Exercise brief ▸ Once you find a line containing the word "DASH" in the entries below, copy it.

Records for the task ▸
---*---

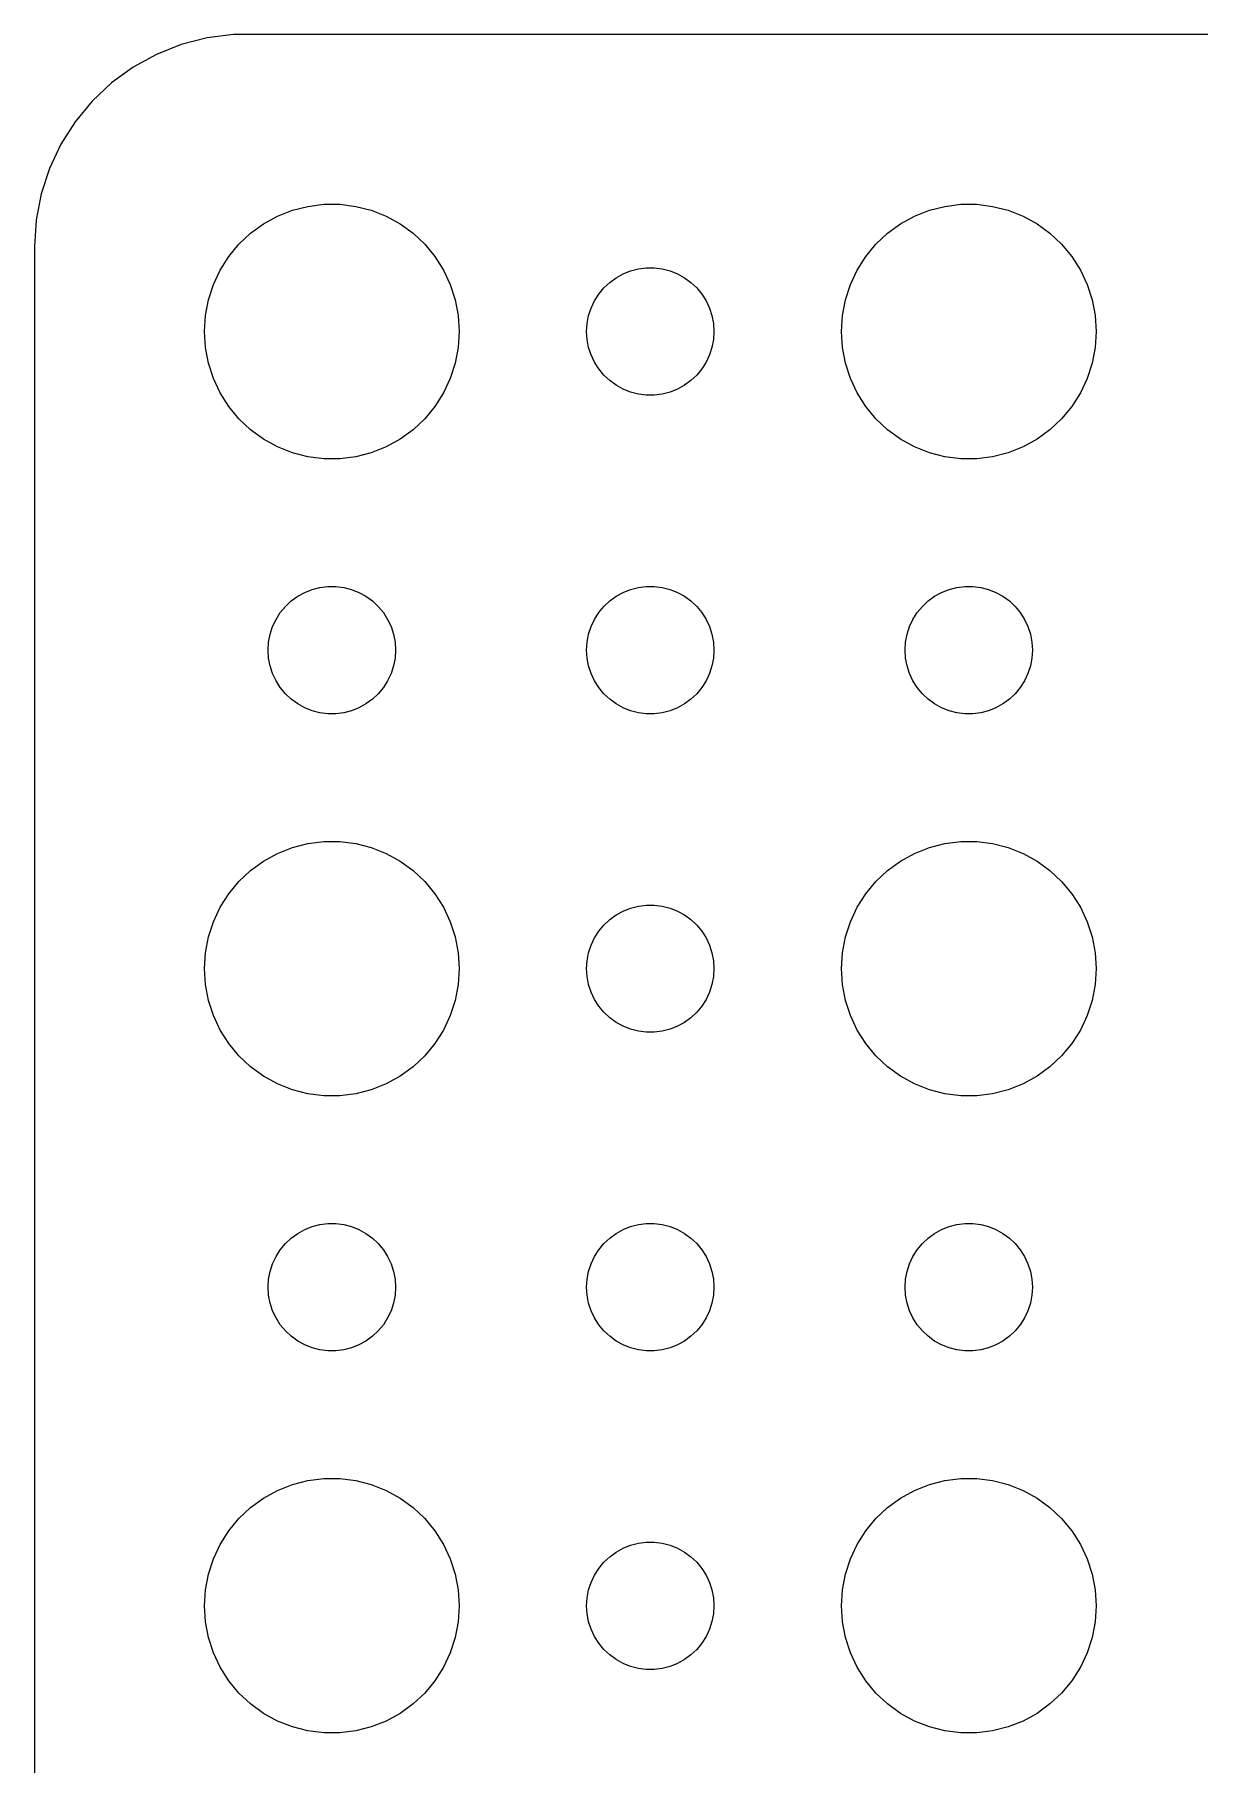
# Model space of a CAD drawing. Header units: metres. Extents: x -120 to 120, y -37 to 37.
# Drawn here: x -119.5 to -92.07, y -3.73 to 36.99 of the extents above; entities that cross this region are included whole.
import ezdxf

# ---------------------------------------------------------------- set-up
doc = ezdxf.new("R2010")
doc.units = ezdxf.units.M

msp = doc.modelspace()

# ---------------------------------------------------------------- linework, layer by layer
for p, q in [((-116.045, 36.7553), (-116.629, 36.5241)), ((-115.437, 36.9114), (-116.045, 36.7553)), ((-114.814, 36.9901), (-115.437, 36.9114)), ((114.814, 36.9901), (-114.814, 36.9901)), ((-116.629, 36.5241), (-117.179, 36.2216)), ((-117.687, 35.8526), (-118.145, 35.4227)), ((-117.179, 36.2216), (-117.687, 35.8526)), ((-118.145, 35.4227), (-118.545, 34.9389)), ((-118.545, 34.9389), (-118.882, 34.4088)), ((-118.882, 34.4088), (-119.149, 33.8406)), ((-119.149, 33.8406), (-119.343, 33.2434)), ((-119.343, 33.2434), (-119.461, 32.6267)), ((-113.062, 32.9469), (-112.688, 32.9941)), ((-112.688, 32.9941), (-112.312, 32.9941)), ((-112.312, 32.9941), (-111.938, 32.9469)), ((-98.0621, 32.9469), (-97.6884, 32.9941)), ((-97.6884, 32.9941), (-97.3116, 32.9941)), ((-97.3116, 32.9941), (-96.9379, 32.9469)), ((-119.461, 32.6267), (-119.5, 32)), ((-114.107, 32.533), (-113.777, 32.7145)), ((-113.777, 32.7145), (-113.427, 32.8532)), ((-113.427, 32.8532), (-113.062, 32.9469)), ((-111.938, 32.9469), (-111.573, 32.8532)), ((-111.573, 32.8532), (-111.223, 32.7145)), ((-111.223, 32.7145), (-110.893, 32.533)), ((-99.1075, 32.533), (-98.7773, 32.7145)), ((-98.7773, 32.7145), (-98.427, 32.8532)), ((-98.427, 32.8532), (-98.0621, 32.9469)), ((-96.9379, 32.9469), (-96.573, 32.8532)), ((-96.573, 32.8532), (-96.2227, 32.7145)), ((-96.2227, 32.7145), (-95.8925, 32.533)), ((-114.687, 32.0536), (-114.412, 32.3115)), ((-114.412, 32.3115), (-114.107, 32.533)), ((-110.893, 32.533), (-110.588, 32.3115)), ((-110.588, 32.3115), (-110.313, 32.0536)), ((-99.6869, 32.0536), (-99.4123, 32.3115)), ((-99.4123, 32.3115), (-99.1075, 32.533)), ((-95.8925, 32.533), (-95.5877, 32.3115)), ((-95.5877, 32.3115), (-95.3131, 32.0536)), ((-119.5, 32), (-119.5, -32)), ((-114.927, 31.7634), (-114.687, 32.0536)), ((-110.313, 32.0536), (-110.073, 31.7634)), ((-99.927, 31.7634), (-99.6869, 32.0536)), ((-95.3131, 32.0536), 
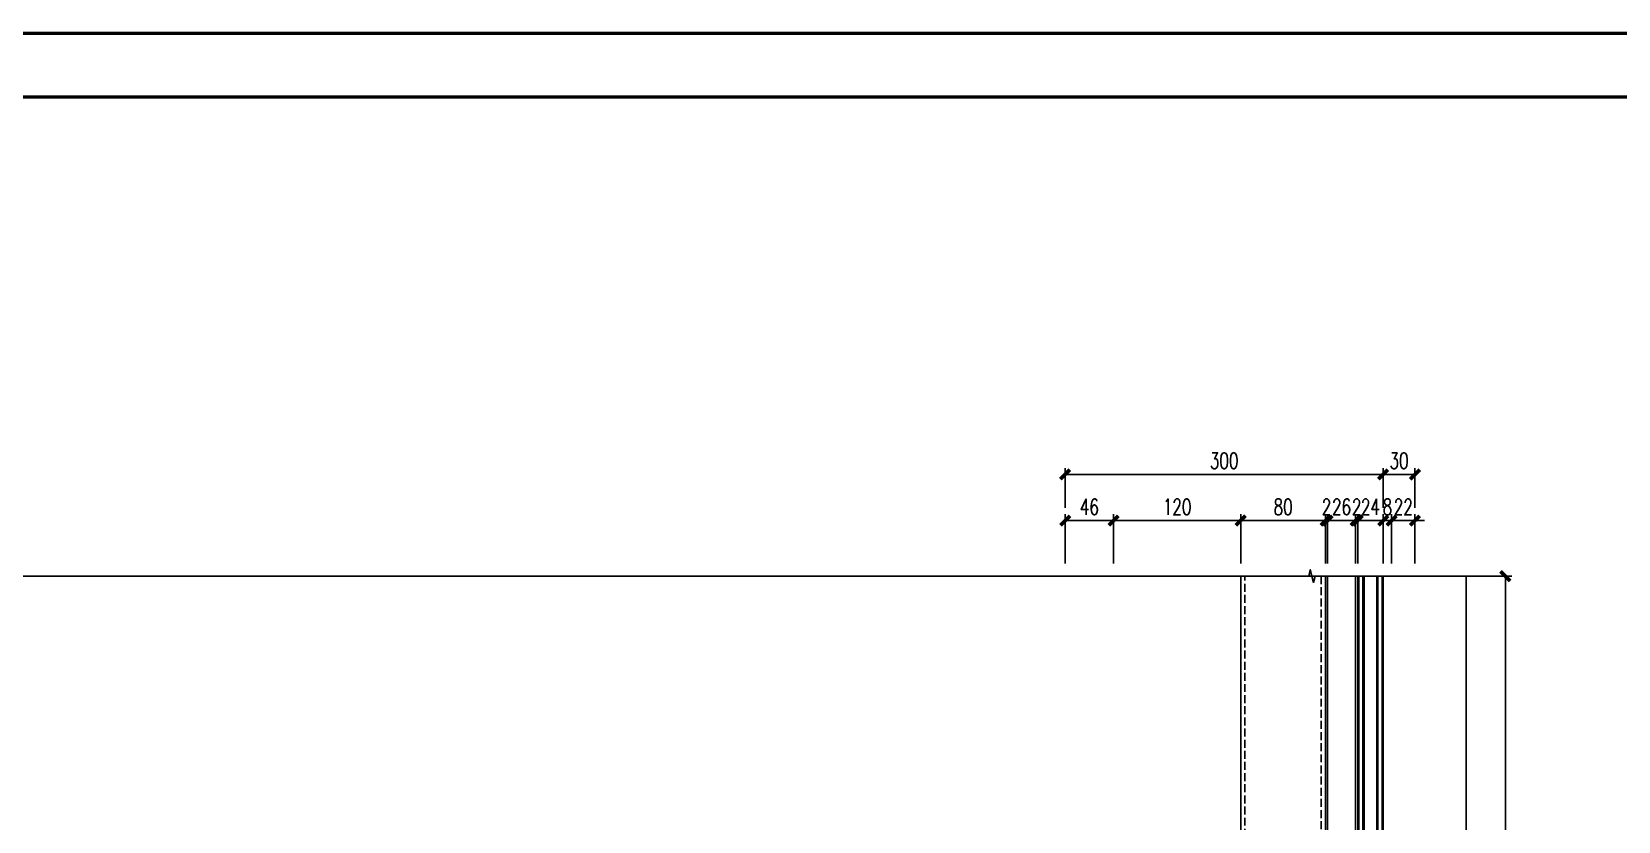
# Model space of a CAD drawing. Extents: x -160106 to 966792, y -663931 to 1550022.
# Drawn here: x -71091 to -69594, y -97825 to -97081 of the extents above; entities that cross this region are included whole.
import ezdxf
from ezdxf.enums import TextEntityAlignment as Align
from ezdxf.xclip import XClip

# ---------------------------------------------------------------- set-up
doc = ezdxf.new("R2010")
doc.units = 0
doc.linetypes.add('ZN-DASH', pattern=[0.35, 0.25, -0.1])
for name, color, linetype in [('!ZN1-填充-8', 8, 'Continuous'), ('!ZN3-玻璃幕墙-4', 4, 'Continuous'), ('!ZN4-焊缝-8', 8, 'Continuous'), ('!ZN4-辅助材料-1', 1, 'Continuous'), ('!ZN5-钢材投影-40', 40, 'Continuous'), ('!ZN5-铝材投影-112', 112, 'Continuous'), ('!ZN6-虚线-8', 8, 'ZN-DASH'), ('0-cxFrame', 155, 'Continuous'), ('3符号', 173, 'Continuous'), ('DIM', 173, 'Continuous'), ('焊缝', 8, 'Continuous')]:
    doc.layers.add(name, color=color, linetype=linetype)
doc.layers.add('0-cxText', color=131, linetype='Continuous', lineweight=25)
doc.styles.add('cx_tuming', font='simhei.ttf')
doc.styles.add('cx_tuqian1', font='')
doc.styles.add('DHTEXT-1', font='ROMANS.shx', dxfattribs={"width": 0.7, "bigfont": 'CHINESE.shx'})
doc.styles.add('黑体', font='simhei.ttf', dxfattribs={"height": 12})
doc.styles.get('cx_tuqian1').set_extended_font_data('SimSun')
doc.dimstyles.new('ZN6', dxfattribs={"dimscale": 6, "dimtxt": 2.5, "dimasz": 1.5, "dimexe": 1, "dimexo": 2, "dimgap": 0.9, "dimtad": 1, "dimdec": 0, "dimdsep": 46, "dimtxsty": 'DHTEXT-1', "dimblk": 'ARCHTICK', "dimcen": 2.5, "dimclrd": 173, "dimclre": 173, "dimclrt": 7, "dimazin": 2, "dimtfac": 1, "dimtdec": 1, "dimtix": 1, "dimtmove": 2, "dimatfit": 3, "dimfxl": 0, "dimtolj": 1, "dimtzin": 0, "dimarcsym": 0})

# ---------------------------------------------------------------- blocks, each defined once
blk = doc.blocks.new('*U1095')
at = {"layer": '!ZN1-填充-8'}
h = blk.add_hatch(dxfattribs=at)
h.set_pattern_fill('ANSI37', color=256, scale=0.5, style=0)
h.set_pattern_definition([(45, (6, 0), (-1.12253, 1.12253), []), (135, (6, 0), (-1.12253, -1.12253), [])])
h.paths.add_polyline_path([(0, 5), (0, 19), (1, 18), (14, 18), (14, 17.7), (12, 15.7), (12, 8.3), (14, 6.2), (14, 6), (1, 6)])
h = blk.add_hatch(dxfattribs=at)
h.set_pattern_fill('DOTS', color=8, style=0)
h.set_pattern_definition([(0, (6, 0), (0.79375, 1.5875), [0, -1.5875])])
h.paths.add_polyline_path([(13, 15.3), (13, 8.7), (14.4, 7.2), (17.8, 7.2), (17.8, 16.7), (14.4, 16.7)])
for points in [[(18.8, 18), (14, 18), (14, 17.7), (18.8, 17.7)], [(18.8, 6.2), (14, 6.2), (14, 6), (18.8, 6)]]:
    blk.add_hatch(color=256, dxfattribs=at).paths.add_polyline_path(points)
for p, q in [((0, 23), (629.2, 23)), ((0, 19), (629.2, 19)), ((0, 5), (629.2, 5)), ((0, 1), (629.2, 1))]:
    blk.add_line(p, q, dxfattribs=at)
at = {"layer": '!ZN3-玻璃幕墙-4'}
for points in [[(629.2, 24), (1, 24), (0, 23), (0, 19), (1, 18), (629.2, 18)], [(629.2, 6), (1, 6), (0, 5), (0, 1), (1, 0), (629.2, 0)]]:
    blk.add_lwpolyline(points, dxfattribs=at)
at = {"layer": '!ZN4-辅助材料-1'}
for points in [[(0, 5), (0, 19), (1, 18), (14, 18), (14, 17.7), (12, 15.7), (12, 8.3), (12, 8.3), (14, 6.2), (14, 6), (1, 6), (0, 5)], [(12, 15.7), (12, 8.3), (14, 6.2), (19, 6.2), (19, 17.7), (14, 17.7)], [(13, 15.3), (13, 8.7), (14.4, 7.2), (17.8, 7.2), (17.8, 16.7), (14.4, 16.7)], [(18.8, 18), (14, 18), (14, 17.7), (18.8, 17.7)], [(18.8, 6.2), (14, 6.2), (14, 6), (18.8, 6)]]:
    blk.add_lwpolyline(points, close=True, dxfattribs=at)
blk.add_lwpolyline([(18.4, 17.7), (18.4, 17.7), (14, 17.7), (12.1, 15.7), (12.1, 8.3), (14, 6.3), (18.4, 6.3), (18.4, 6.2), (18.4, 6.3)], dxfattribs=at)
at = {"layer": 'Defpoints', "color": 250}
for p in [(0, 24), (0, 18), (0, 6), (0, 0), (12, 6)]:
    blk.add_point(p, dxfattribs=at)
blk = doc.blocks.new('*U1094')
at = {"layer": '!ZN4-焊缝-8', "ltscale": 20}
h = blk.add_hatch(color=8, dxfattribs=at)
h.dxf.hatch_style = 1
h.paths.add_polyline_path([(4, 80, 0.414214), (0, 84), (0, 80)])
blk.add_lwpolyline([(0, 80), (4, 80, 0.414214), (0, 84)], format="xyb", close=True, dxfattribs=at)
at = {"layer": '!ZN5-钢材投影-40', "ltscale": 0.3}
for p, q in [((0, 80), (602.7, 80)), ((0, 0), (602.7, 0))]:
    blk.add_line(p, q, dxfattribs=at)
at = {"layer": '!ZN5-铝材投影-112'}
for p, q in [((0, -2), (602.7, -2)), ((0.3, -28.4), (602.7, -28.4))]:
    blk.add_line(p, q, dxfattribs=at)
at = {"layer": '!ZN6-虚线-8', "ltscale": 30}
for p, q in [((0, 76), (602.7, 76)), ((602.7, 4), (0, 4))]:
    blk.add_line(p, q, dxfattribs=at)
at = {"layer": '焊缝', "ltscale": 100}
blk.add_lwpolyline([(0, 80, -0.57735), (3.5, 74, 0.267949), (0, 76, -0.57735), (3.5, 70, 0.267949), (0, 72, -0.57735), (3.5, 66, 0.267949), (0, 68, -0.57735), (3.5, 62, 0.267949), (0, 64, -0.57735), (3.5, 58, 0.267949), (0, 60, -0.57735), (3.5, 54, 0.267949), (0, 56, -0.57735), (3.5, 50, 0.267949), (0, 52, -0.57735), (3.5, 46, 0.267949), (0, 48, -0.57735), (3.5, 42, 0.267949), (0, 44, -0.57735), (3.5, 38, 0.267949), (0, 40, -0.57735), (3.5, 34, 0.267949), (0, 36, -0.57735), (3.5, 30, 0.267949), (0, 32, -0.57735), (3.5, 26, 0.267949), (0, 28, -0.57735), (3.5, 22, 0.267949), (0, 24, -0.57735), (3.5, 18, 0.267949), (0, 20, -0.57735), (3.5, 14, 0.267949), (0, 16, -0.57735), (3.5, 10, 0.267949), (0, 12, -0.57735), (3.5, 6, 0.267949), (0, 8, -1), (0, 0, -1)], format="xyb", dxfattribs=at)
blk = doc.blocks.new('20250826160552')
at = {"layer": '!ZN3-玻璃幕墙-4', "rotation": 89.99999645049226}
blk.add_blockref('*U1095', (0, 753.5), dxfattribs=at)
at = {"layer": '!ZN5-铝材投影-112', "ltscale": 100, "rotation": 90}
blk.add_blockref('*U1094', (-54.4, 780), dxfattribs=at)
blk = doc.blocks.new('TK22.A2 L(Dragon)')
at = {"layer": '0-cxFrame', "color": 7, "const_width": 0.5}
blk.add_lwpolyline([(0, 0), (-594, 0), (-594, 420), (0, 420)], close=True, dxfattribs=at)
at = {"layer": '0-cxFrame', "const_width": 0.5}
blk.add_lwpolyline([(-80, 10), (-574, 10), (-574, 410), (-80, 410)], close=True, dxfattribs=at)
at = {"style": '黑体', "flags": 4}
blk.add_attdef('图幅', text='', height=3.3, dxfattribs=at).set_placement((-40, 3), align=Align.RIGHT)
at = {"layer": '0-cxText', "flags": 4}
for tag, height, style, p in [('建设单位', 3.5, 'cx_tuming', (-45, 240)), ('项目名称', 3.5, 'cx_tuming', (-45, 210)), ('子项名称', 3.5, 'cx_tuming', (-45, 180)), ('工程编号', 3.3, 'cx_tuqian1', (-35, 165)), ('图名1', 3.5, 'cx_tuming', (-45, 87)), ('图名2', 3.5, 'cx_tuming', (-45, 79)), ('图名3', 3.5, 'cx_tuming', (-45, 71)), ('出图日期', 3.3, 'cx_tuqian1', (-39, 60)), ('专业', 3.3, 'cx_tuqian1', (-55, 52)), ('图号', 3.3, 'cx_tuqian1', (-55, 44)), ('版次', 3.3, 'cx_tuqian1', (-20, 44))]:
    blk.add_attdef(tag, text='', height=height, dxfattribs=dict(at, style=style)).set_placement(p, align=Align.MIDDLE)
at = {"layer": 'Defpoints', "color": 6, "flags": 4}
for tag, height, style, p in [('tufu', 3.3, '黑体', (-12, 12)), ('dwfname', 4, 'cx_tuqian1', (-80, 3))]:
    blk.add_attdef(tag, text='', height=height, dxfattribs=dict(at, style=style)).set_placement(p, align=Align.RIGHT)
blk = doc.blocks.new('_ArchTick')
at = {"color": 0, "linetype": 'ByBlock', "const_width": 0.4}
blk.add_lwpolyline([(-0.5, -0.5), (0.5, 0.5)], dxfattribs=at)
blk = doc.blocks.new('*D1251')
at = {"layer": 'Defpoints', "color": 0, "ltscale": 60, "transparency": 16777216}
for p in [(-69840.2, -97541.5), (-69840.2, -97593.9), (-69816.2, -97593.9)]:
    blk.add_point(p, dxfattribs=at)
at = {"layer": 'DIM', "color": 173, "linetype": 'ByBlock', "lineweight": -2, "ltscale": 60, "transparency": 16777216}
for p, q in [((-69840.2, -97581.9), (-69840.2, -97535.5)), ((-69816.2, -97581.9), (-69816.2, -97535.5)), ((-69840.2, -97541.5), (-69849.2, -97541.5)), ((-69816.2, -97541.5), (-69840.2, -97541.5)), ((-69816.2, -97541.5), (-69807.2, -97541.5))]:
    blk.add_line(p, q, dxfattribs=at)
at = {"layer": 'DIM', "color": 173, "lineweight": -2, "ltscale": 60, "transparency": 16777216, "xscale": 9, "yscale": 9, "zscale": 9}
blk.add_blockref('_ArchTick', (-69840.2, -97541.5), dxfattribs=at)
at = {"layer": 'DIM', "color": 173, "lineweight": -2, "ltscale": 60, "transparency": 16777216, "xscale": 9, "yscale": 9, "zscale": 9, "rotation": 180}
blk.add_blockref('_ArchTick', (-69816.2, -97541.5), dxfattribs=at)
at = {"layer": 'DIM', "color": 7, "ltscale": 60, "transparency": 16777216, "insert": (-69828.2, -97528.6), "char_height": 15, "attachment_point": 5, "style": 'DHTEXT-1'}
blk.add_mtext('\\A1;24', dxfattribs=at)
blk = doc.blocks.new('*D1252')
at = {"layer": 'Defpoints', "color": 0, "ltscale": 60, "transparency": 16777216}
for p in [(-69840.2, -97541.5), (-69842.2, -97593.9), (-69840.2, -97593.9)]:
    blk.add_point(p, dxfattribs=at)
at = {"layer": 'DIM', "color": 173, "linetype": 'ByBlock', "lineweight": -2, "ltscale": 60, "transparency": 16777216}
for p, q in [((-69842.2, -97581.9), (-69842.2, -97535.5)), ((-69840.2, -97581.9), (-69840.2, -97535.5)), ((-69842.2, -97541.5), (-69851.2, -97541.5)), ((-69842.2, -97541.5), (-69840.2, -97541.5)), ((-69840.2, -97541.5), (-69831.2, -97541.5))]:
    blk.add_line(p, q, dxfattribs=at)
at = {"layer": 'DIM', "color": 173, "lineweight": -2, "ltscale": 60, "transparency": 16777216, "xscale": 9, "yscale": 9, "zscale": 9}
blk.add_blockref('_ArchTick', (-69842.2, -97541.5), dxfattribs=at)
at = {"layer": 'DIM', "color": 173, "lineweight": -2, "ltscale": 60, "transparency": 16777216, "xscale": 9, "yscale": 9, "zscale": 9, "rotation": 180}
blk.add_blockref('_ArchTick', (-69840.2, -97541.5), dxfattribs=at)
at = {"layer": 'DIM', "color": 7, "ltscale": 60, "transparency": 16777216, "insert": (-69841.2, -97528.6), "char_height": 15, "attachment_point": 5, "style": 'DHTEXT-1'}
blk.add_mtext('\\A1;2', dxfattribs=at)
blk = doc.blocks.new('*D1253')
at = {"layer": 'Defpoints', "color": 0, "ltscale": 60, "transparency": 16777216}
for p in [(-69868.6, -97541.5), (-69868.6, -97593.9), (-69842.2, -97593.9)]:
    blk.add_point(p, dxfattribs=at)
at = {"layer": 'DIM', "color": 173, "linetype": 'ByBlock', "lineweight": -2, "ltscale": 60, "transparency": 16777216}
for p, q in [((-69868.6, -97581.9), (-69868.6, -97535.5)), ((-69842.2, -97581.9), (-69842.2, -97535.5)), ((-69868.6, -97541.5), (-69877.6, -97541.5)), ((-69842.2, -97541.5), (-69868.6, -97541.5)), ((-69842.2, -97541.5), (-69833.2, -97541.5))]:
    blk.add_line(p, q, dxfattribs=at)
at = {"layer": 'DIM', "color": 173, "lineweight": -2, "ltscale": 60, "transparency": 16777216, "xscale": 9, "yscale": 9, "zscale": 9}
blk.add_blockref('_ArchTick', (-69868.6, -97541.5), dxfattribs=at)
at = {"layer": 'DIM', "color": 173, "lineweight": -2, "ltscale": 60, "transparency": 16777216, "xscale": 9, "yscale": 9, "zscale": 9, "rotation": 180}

---*---

Answer to this problem ▸
doc.linetypes.add('ZN-DASH', pattern=[0.35, 0.25, -0.1])
for name, color, linetype in [('!ZN1-填充-8', 8, 'Continuous'), ('!ZN3-玻璃幕墙-4', 4, 'Continuous'), ('!ZN4-焊缝-8', 8, 'Continuous'), ('!ZN4-辅助材料-1', 1, 'Continuous'), ('!ZN5-钢材投影-40', 40, 'Continuous'), ('!ZN5-铝材投影-112', 112, 'Continuous'), ('!ZN6-虚线-8', 8, 'ZN-DASH'), ('0-cxFrame', 155, 'Continuous'), ('3符号', 173, 'Continuous'), ('DIM', 173, 'Continuous'), ('焊缝', 8, 'Continuous')]:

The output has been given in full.